日叡
日叡(にちえい、1309年(延慶2年) - 1369年9月6日(応安2年/正平24年8月5日))は、鎌倉時代中期から室町時代前期にかけての日蓮宗の僧。
日向国の出身。薩摩阿闍梨と称する。日郷の弟子で日向国定善寺、本東寺の開山。日郷開山とされる妙国寺も実際は日叡による改宗と思われる。日向国内に法線を張ったことから日向開山と称される。九州出身初の日蓮門下僧。日睿と表記されることも多い。
略歴
1309年(延慶2年)、日向国臼杵郡に生まれる。父は行縢(むかばき)神社の神宮寺、真言宗行縢山大日寺別当、甲斐法喬隆覚(かいほっきょうりゅうかく)。父と同じく修験者となり薩摩法印と呼ばれる。
1333年(元弘3年)、朗門の日能の教化により、日向国臼杵群の日知屋阿弥陀堂、行縢大日寺、細島明王堂を法華堂に改める。同年、富士門流に帰伏し上蓮房日仙の門下となる。

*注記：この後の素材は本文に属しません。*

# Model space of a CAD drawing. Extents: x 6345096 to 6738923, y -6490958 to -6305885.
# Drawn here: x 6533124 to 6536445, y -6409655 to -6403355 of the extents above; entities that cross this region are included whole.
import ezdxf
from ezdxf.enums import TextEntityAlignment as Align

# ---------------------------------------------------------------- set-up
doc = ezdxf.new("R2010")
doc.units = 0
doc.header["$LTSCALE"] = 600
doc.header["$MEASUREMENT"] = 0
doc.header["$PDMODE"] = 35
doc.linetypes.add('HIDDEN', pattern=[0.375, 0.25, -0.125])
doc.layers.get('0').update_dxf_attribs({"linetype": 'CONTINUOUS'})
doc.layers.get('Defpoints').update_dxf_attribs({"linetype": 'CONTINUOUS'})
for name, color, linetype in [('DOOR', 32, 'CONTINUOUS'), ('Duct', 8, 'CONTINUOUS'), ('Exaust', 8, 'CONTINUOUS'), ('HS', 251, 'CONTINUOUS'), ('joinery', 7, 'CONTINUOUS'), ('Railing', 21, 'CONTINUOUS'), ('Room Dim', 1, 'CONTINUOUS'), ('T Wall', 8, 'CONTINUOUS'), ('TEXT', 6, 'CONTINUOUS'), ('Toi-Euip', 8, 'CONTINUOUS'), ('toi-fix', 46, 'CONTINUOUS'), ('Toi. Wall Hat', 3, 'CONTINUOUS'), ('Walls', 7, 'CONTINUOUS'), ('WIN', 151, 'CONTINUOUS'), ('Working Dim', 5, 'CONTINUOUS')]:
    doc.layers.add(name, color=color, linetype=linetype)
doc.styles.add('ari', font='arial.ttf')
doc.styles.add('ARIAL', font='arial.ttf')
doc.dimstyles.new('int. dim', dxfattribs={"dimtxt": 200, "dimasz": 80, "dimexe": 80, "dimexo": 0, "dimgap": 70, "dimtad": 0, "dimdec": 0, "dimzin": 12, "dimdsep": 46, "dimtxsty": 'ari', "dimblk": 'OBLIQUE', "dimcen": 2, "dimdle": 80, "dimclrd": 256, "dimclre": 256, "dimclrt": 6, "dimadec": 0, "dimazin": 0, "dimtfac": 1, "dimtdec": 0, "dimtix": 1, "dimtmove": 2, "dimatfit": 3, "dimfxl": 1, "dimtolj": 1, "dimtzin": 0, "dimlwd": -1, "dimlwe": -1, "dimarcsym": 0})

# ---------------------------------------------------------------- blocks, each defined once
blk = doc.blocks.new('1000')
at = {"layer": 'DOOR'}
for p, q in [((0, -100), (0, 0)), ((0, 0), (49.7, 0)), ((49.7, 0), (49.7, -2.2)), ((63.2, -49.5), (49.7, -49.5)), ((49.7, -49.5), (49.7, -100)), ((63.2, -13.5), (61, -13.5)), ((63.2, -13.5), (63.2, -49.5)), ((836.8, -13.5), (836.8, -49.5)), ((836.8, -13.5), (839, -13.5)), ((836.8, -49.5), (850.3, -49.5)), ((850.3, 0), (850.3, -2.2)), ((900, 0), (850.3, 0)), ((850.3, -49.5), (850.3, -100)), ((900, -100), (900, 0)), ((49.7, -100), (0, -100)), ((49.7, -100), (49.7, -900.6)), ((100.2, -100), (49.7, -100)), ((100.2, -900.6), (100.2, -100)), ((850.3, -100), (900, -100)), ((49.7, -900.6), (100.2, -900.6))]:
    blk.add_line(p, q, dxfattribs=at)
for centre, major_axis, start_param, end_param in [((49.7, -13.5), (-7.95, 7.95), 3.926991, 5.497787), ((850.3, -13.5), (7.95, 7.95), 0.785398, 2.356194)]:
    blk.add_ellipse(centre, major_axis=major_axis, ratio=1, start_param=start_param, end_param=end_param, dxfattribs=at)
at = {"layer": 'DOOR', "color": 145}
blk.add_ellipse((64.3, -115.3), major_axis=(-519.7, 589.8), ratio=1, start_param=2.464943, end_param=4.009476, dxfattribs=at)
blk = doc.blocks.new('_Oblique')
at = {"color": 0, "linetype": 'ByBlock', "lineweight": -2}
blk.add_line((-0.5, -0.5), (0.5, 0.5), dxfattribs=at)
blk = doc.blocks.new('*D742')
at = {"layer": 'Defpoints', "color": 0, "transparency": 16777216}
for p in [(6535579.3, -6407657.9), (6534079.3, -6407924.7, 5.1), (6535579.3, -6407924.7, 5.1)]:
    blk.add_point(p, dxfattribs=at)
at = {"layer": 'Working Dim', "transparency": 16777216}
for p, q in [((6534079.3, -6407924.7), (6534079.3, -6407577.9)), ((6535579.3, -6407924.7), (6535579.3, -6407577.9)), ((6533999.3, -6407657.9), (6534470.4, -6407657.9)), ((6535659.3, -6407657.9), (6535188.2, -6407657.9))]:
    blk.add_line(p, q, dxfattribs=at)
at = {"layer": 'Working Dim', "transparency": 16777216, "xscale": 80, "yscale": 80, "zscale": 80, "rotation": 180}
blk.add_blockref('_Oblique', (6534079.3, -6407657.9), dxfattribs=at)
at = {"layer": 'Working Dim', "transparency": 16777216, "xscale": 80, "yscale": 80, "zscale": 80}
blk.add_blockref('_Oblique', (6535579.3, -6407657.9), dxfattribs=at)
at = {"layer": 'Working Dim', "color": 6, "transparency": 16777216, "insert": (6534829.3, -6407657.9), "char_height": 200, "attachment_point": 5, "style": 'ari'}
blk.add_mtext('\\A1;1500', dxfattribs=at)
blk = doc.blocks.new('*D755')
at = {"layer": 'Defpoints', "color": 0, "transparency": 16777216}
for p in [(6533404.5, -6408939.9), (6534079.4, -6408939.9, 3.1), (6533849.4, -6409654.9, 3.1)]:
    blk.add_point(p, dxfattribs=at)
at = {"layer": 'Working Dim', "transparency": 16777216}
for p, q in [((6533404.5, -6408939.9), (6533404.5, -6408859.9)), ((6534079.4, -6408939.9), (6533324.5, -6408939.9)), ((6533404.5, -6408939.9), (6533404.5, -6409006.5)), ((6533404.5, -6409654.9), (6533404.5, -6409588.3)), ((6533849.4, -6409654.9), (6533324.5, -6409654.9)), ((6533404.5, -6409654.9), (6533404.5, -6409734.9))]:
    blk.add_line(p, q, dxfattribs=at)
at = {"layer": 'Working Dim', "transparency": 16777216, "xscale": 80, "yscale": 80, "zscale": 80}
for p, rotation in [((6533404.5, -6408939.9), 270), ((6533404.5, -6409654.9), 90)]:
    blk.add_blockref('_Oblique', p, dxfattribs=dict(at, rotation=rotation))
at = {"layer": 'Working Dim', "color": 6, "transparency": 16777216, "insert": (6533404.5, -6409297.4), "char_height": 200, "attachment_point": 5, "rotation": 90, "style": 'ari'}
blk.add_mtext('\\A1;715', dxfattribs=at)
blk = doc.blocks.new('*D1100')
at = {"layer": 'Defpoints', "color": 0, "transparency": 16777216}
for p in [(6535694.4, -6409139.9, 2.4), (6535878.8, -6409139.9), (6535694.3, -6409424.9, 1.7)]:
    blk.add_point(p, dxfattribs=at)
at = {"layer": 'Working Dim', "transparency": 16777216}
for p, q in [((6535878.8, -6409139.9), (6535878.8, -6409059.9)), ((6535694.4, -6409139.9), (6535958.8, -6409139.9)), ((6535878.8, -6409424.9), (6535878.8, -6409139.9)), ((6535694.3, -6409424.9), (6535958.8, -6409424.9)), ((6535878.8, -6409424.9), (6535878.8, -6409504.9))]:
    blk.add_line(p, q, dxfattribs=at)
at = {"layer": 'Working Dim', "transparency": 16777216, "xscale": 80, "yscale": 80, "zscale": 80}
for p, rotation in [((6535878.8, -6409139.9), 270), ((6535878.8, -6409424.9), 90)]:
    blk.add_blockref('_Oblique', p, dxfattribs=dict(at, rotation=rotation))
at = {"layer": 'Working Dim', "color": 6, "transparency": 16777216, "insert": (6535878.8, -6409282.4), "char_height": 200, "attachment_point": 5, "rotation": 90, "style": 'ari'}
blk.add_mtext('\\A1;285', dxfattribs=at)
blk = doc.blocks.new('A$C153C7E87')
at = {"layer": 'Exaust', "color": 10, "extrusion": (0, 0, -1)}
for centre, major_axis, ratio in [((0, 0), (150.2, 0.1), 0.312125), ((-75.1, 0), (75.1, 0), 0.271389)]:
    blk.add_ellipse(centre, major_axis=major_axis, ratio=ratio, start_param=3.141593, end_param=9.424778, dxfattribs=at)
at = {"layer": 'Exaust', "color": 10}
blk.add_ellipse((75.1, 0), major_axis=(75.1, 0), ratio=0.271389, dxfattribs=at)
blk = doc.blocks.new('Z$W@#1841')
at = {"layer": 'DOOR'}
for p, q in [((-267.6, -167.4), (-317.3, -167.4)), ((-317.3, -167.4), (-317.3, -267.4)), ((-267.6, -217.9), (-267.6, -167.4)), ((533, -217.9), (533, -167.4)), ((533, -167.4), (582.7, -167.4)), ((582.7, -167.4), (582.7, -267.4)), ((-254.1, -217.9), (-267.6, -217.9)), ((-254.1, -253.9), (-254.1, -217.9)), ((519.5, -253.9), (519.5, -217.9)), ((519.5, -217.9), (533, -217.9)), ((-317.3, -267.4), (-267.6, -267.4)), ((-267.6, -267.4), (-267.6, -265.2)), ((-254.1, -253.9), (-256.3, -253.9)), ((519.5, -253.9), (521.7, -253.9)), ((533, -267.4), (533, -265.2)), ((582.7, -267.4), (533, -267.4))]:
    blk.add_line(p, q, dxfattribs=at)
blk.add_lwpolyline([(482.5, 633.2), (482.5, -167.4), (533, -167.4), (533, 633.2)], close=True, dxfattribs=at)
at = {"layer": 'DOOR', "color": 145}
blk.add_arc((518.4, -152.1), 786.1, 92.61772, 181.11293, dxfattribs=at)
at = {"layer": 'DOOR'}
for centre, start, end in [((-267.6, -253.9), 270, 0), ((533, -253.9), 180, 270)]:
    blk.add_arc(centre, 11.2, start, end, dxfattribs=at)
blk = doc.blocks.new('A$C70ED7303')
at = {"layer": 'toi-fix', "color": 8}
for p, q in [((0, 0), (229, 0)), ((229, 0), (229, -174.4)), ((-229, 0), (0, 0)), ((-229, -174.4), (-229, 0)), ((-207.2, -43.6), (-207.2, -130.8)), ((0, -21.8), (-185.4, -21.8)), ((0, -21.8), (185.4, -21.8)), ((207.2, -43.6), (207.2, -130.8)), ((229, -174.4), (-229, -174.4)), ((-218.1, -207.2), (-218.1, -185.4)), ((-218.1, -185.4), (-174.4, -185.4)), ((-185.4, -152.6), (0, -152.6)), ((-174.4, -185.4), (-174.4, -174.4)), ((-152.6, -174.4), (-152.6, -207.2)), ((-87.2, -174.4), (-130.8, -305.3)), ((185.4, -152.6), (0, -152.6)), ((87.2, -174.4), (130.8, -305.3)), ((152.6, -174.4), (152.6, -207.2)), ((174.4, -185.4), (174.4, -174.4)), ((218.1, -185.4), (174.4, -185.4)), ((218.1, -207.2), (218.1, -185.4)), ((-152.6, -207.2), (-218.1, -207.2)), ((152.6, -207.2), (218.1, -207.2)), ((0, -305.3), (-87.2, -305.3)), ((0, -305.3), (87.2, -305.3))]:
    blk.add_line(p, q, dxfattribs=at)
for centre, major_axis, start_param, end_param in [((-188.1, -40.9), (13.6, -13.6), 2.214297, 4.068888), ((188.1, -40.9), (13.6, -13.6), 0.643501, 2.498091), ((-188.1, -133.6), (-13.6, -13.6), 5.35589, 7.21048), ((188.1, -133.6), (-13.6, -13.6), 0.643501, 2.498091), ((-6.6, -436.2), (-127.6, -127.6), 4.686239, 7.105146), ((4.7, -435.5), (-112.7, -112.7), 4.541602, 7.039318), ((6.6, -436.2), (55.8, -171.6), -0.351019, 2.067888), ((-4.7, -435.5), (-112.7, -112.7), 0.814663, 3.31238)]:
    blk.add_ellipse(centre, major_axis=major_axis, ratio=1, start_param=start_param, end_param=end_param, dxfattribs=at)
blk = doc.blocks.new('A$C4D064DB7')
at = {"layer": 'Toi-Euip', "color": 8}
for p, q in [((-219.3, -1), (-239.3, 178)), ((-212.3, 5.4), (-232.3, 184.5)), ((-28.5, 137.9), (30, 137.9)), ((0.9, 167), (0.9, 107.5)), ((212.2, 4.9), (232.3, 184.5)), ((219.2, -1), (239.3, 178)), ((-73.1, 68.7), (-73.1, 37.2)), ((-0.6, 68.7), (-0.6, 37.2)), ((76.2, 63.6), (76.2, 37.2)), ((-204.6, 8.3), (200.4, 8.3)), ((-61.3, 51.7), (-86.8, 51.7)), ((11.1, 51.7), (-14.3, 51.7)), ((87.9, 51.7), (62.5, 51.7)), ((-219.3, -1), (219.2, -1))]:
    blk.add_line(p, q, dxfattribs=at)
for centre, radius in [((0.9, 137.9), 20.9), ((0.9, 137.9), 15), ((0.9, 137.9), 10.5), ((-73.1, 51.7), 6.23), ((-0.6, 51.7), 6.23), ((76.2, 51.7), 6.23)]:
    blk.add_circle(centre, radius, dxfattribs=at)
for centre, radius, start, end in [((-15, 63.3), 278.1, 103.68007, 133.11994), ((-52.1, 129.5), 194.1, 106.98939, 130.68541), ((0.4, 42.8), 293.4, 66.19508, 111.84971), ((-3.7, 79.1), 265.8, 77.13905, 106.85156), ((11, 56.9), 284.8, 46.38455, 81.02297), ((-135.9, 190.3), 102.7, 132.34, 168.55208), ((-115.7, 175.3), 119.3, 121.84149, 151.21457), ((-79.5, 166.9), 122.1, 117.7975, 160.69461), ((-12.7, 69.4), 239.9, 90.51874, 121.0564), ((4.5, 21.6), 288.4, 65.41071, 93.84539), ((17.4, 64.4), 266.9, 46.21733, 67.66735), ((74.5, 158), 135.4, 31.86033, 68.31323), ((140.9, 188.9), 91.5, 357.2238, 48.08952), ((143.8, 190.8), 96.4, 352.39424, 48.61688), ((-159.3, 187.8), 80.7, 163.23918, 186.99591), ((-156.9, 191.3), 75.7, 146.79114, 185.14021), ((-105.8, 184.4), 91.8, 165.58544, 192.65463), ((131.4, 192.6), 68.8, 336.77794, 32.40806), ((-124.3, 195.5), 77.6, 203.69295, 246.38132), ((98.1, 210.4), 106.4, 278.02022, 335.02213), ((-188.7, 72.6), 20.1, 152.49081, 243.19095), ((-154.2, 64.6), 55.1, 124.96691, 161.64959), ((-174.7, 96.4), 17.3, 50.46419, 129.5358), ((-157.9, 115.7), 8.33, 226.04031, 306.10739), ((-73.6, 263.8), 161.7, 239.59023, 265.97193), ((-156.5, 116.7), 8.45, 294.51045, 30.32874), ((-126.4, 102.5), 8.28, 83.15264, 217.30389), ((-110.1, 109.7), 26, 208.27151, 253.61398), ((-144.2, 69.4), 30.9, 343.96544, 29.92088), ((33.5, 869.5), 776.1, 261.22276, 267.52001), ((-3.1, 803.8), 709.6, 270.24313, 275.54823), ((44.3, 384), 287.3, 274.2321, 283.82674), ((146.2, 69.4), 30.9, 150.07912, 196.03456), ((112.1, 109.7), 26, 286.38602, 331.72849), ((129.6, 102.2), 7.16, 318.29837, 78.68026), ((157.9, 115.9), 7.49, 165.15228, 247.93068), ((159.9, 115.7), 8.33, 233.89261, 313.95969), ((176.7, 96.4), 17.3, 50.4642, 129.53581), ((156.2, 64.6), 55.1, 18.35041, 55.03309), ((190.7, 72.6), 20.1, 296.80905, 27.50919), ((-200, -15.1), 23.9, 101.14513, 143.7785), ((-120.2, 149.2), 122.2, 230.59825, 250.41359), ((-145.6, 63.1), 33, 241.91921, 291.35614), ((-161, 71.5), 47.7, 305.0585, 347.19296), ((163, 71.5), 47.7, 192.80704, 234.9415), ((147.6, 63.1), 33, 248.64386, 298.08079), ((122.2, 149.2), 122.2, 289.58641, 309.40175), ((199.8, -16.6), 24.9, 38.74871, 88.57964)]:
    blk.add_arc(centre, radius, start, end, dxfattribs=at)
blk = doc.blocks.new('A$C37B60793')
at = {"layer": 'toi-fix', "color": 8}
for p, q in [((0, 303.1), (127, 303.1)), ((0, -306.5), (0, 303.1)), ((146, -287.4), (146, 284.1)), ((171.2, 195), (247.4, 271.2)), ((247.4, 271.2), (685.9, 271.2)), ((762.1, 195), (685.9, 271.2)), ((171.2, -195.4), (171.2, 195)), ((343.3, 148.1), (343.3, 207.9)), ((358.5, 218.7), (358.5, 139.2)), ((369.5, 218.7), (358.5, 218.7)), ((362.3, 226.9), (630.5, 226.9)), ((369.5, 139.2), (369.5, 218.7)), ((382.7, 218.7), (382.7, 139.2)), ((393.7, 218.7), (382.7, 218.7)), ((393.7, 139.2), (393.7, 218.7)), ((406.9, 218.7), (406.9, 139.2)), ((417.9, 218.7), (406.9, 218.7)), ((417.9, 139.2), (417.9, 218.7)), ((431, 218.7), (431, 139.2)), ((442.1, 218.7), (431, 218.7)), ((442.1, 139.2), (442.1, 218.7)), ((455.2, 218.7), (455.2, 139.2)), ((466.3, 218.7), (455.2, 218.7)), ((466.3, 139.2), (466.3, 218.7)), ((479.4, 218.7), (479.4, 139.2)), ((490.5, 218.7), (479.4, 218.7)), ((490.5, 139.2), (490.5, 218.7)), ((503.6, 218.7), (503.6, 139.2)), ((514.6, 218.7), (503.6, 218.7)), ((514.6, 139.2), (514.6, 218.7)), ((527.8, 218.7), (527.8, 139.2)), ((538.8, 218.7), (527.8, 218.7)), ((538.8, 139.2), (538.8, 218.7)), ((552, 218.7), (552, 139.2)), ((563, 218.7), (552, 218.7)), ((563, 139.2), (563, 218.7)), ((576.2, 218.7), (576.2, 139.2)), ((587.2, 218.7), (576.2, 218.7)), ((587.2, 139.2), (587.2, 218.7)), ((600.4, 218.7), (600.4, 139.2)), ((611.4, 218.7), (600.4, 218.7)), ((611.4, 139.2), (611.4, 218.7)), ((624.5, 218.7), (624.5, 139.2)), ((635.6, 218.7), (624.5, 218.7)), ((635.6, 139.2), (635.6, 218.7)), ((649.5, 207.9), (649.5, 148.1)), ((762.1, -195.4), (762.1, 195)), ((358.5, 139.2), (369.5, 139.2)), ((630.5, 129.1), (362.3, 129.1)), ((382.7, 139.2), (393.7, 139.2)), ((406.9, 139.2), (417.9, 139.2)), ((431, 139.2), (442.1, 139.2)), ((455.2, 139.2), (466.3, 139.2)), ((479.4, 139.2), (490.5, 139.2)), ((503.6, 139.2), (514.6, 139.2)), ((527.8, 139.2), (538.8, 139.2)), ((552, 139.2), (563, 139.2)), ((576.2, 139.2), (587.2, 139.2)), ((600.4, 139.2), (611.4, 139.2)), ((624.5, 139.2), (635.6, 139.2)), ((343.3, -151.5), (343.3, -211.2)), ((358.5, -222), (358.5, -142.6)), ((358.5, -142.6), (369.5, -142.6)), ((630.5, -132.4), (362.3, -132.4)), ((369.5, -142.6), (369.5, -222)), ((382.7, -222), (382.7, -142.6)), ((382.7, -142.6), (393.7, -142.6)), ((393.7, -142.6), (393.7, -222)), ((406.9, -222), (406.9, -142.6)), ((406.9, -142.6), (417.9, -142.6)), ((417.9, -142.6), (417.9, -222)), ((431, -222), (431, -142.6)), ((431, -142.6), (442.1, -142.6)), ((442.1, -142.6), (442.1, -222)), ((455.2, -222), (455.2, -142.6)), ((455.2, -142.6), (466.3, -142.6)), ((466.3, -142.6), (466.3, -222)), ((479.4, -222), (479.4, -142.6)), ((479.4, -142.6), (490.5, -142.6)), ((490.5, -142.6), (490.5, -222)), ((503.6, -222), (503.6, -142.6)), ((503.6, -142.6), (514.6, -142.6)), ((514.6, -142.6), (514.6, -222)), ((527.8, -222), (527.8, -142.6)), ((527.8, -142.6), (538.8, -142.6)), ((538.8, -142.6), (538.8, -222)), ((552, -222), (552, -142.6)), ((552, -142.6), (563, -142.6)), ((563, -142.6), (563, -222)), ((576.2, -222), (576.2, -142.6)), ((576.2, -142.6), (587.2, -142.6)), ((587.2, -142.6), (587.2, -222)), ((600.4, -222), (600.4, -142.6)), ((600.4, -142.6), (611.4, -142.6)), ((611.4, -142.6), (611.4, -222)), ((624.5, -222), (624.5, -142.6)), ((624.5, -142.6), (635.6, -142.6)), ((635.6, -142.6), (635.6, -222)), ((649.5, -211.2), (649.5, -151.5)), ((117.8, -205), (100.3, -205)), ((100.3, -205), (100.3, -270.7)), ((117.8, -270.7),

1334年(建武元年)仙代問答により日仙を離れ日道[要曖昧さ回避]の門下となる。
1335年(建武2年)宰相阿闍梨日郷に帰伏し名を薩摩阿闍梨日叡と改める。日叡は日向に帰り日能を教化し、日向の諸寺諸堂を富士門流に改める。
1337年(延元2年)重須、並びに保田を参拝。
1341年(興国2年)蓮蔵坊(小泉久遠寺)を参拝。同年、保田妙本寺において日郷の下で学ぶ。
1344年(興国5年)成願後家尼より日目の墓地として鳥辺野の地を受ける。再び保田妙本寺に赴き、一夏の間日郷の下で修行する。日郷は日叡を日向惣導師職に任ずる。師日郷と共に蓮蔵坊(小泉久遠寺)に赴く。
1345年(興国6年)日興、日目の13回忌にあたり、京六条坊門において日郷より蓮祖真筆本尊を拝受し小泉蓮蔵坊へ帰る。
1349年(正平4年)類聚記を執筆する。師日郷と共に京において日目17回忌を修す。
1350年(正平5年)日向へ帰郷する。
1353年(正平8年)師日郷遷化。
1354年(正平9年)日慶(日叡の異母弟)が日郷の遺骨を日向に分骨する。
1359年(正平14年)日郷7回忌に当たり弟子二人を保田に参拝させる。
1361年(正平16年)5ケ条の制誡を定める。
1369年(正平24年)8月5日寂、世寿61歳。